Yeni üyelere özel fırsatlardan yararlanmak ve tüm içeriklere erişim için bugün kayıt olun! Kayıt ol>

Her ayın son etkinliği olan ‘’Öğrenciler Soruyor:Mezunlar Cevaplıyor’’ buluşmamızdan herkese merhabalar. İlaç endüstrisini düşünen ve isteyenlerin heyecanla beklediği bu etkinlik eminim ki kafamızdaki birçok soruyu giderdi diyebilirim. Neden mi? Çünkü Dr.Deniz Coşkunsever’in samimi ve güleç tavrından güç bularak her şeyi sorduk. Doktorlukla başlayan ve Menarini Group Global Medikal Müdürlüğe kadar olan serüvenini onunla beraber bizde yaşadık. Kendisine bize ayırdığı süre için ve her sorumuza sanki karşımızda bir global medikal müdür değil de arkadaşımız var gibi karşılık veren alçak gönüllü tavrından dolayı çok teşekkür ediyoruz. Cevaplarında “yeni nesil eczacılarımızın bu alanda var olun, korkmayın” cesaretini iliklerimize kadar hissettirdi. Gelin hadi neler sormuşuz ve ne cevaplar almışız bakalım.

Eğer henüz üyelik kaydınızı yapmadıysanız şimdi tam sırası. Üyelerimize özel avantajlardan faydalanmak, gelişmelerden ve kampanyalardan hemen haberdar olmak ve size maksimum faydayı sağlayabilmek için her geçen gün yenilerini eklediğimiz hizmetlerimizle mesleğinize katkıda bulunmak için

Doktorluk Mecburi hizmetini 1.5 yıl Niğde’de bir köyde yapmış Sayın Deniz Hanım. Hep hekim olmak istemiş. Öyle bir branş seçmeliyim ki hastadan uzak kalmayayım ama temas halinde olmayayım istemiş. Burda başlamış düşünmeye ilaç endüstirisini. 5 yıl da farmakoloji alanında uzmanlığını bol yayınlı ve bol projeli yaptıktan sonra uzmanlık mecburi hizmetini Ankara TITCK’da yaparken sektörden teklif gelmiş. Denemeye değer diyip ailesinin karşı çıkmasına rağmen uluslaraarsı bir firmada bölgesel medikal müdür olarak ilaç sektörü serüvenini başlatmış.

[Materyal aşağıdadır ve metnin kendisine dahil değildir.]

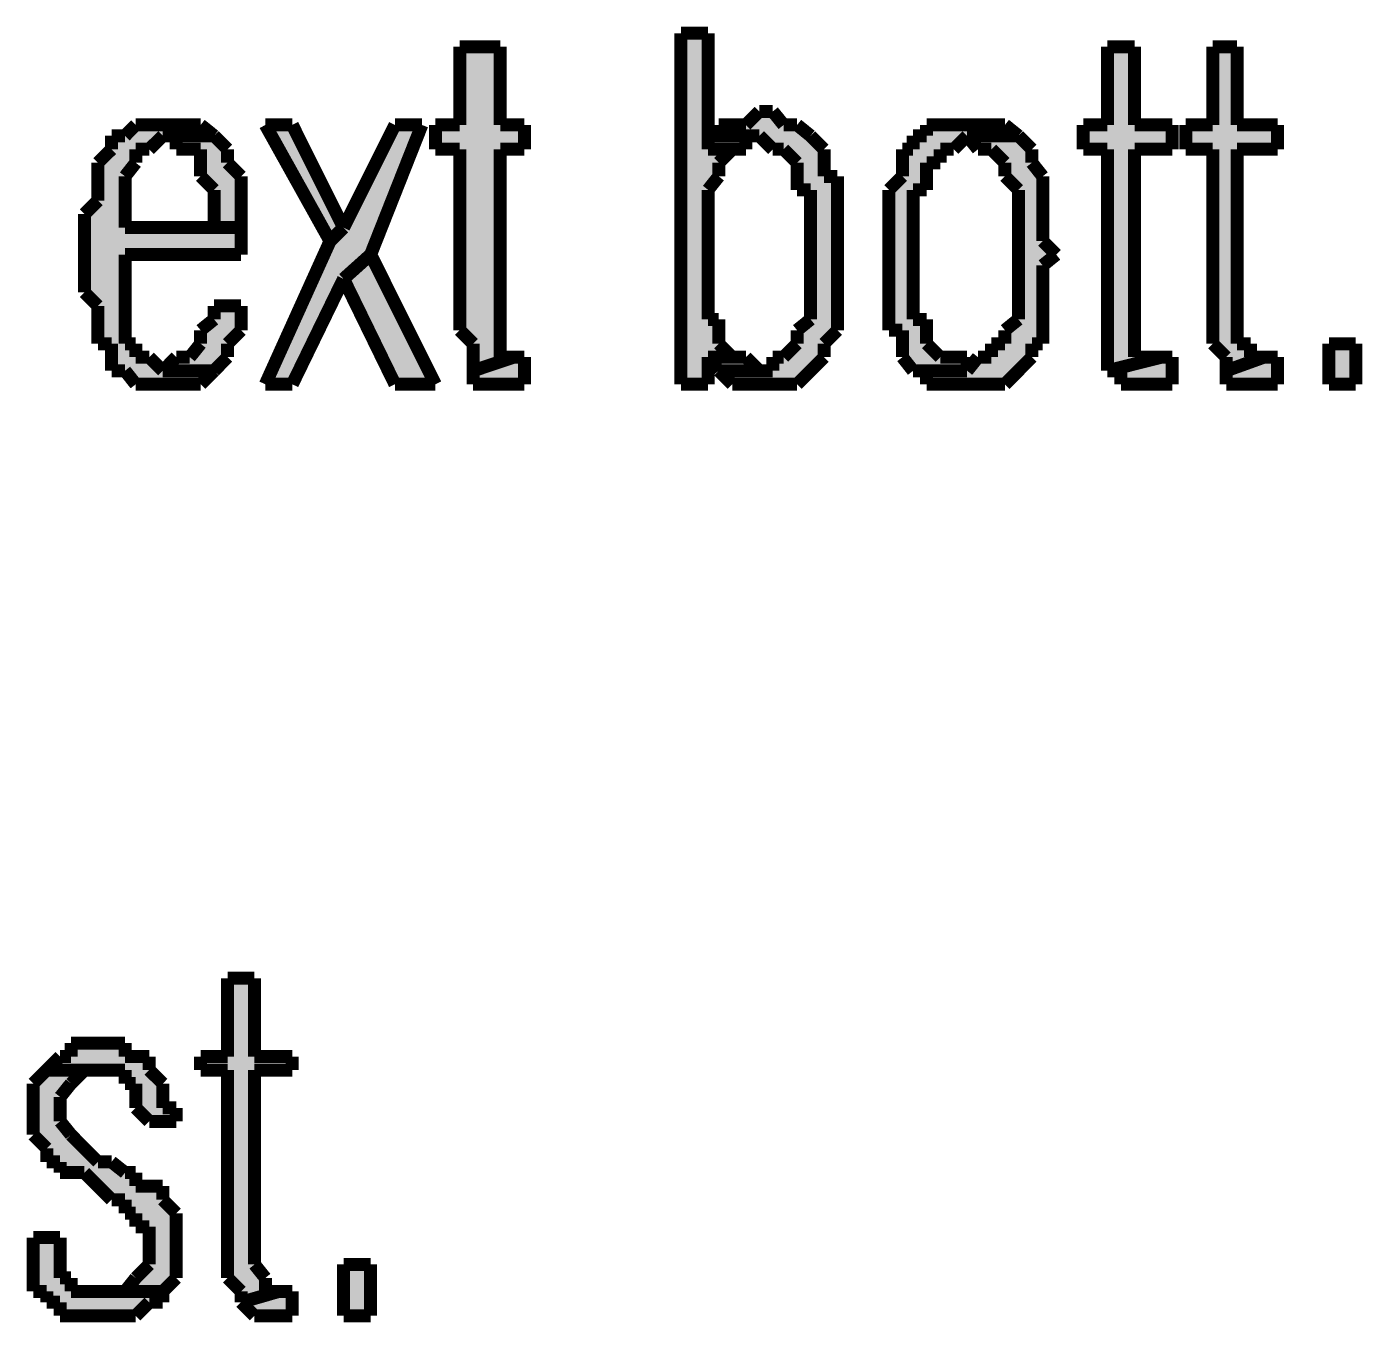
# Model space of a CAD drawing. Header units: millimetres. Extents: x 5 to 350, y 3 to 213.
# Drawn here: x 147.28 to 156.01, y 103.76 to 112.23 of the extents above; entities that cross this region are included whole.
import ezdxf

# ---------------------------------------------------------------- set-up
doc = ezdxf.new("R2010")
doc.units = ezdxf.units.MM
doc.layers.add('H', color=251, linetype='Continuous')
doc.layers.add('P', color=255, linetype='Continuous')

msp = doc.modelspace()

# ---------------------------------------------------------------- hatches: boundary and pattern name
at = {"layer": 'H', "linetype": 'Continuous'}
for points in [[(151.553, 109.89), (151.553, 112.183), (151.73, 112.183), (151.73, 111.425), (151.888, 111.425), (151.8, 111.337), (151.8, 111.248), (151.73, 111.16), (151.73, 110.314), (151.8, 110.314), (151.8, 110.155), (151.888, 110.067), (151.73, 110.067), (151.73, 109.89), (151.553, 109.89)], [(150.195, 109.978), (150.195, 110.155), (150.107, 110.243), (150.107, 111.425), (149.948, 111.425), (149.948, 111.584), (150.107, 111.584), (150.107, 112.095), (150.372, 112.095), (150.372, 111.584), (150.53, 111.584), (150.53, 111.425), (150.372, 111.425), (150.372, 110.067), (150.46, 110.067), (150.195, 109.978)], [(154.34, 109.978), (154.34, 111.425), (154.182, 111.425), (154.182, 111.584), (154.34, 111.584), (154.34, 112.095), (154.517, 112.095), (154.517, 111.584), (154.764, 111.584), (154.764, 111.425), (154.517, 111.425), (154.517, 110.067), (154.693, 110.067), (154.34, 109.978)], [(155.116, 109.978), (155.116, 110.067), (155.028, 110.155), (155.028, 111.425), (154.852, 111.425), (154.852, 111.584), (155.028, 111.584), (155.028, 112.095), (155.187, 112.095), (155.187, 111.584), (155.452, 111.584), (155.452, 111.425), (155.187, 111.425), (155.187, 110.155), (155.275, 110.155), (155.275, 110.067), (155.363, 110.067), (155.116, 109.978)], [(151.888, 109.89), (151.8, 109.978), (152.153, 109.978), (152.153, 110.067), (152.224, 110.067), (152.312, 110.155), (152.312, 110.243), (152.4, 110.314), (152.4, 111.16), (152.312, 111.16), (152.312, 111.337), (152.224, 111.425), (152.153, 111.425), (152.065, 111.513), (151.8, 111.513), (151.8, 111.584), (151.977, 111.584), (152.065, 111.672), (152.153, 111.672), (152.224, 111.584), (152.312, 111.584), (152.488, 111.425), (152.488, 111.248), (152.576, 111.248), (152.576, 110.243), (152.488, 110.155), (152.488, 110.067), (152.312, 109.89), (151.888, 109.89)], [(147.99, 109.89), (147.92, 109.978), (147.832, 109.978), (147.832, 110.155), (147.743, 110.155), (147.743, 110.402), (147.655, 110.49), (147.655, 111.002), (147.743, 111.09), (147.743, 111.337), (147.832, 111.425), (147.832, 111.513), (147.92, 111.513), (147.99, 111.584), (148.414, 111.584), (148.502, 111.513), (148.167, 111.513), (148.078, 111.425), (147.99, 111.425), (147.99, 111.337), (147.92, 111.248), (147.92, 110.913), (148.678, 110.913), (148.678, 110.737), (147.92, 110.737), (147.92, 110.155), (147.99, 110.155), (147.99, 110.067), (148.078, 110.067), (148.167, 109.978), (148.502, 109.978), (148.414, 109.89), (147.99, 109.89)], [(148.837, 109.89), (149.26, 110.825), (149.348, 110.913), (149.684, 111.584), (149.86, 111.584), (149.525, 110.737), (149.348, 110.578), (149.013, 109.89), (148.837, 109.89)], [(149.26, 110.825), (148.837, 111.584), (149.013, 111.584), (149.348, 110.913), (149.26, 110.825)], [(153.07, 109.978), (153, 110.067), (153, 110.243), (152.912, 110.243), (152.912, 111.16), (153, 111.248), (153, 111.425), (153.07, 111.425), (153.07, 111.513), (153.158, 111.513), (153.158, 111.584), (153.67, 111.584), (153.758, 111.513), (153.423, 111.513), (153.335, 111.425), (153.247, 111.425), (153.247, 111.337), (153.158, 111.337), (153.158, 111.16), (153.07, 111.16), (153.07, 110.314), (153.158, 110.314), (153.158, 110.155), (153.247, 110.067), (153.423, 110.067), (153.423, 109.978), (153.07, 109.978)], [(148.502, 110.913), (148.502, 111.16), (148.414, 111.248), (148.414, 111.425), (148.255, 111.425), (148.255, 111.513), (148.502, 111.513), (148.59, 111.425), (148.59, 111.337), (148.678, 111.248), (148.678, 110.913), (148.502, 110.913)], [(151.73, 111.425), (151.73, 111.513), (151.977, 111.513), (151.977, 111.425), (151.73, 111.425)], [(153.158, 109.89), (153.158, 109.978), (153.423, 109.978), (153.494, 110.067), (153.582, 110.067), (153.582, 110.155), (153.67, 110.155), (153.67, 110.243), (153.758, 110.314), (153.758, 111.16), (153.67, 111.248), (153.67, 111.337), (153.582, 111.425), (153.494, 111.425), (153.423, 111.513), (153.758, 111.513), (153.846, 111.425), (153.846, 111.337), (153.917, 111.248), (153.917, 110.825), (154.005, 110.737), (153.917, 110.666), (153.917, 110.155), (153.846, 110.155), (153.846, 110.067), (153.67, 109.89), (153.158, 109.89)], [(149.684, 109.89), (149.348, 110.578), (149.525, 110.737), (149.948, 109.89), (149.684, 109.89)], [(148.167, 109.978), (148.255, 110.067), (148.343, 110.067), (148.414, 110.155), (148.414, 110.243), (148.502, 110.314), (148.502, 110.402), (148.678, 110.402), (148.678, 110.243), (148.59, 110.155), (148.59, 110.067), (148.502, 109.978), (148.167, 109.978)], [(155.787, 109.89), (155.787, 110.155), (155.963, 110.155), (155.963, 109.89), (155.787, 109.89)], [(150.195, 109.89), (150.195, 109.978), (150.46, 110.067), (150.53, 110.067), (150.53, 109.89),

“Egolardan arınıp başıma ne gelirse kabulüm. Temiz bir sayfa açarak sektöre o cesareti bulup girmek lazım” diyerek motivasyon bulan Deniz Hanım kısa sürede İstanbul’da Abdi İbrahim’de Medikal Müdür olarak göreve başlamış. 2019’da Menarini Türkiye’de Medikal müdür olarak devam ederken Menarani Group global pozisyonu için bir ilan mail kutusuna düşmüş. 140 ülkedeki tüm Menarani ailesine ulaşan bu mail Deniz Hanım’ın cesaretini kırmamış. İş arkadaşları “bizi seçmezler” diyip başvuru yapmazken ve Deniz Hanım’a da başvuru yaparak zaman kaybetmemesi gerektiğini öğütlerken, Deniz Hanım Menarani’deki 1 yıllık kariyerini bu başvuru ile taçlandırmış ve globale 2 ay gibi kısa bir sürede globale atanmış.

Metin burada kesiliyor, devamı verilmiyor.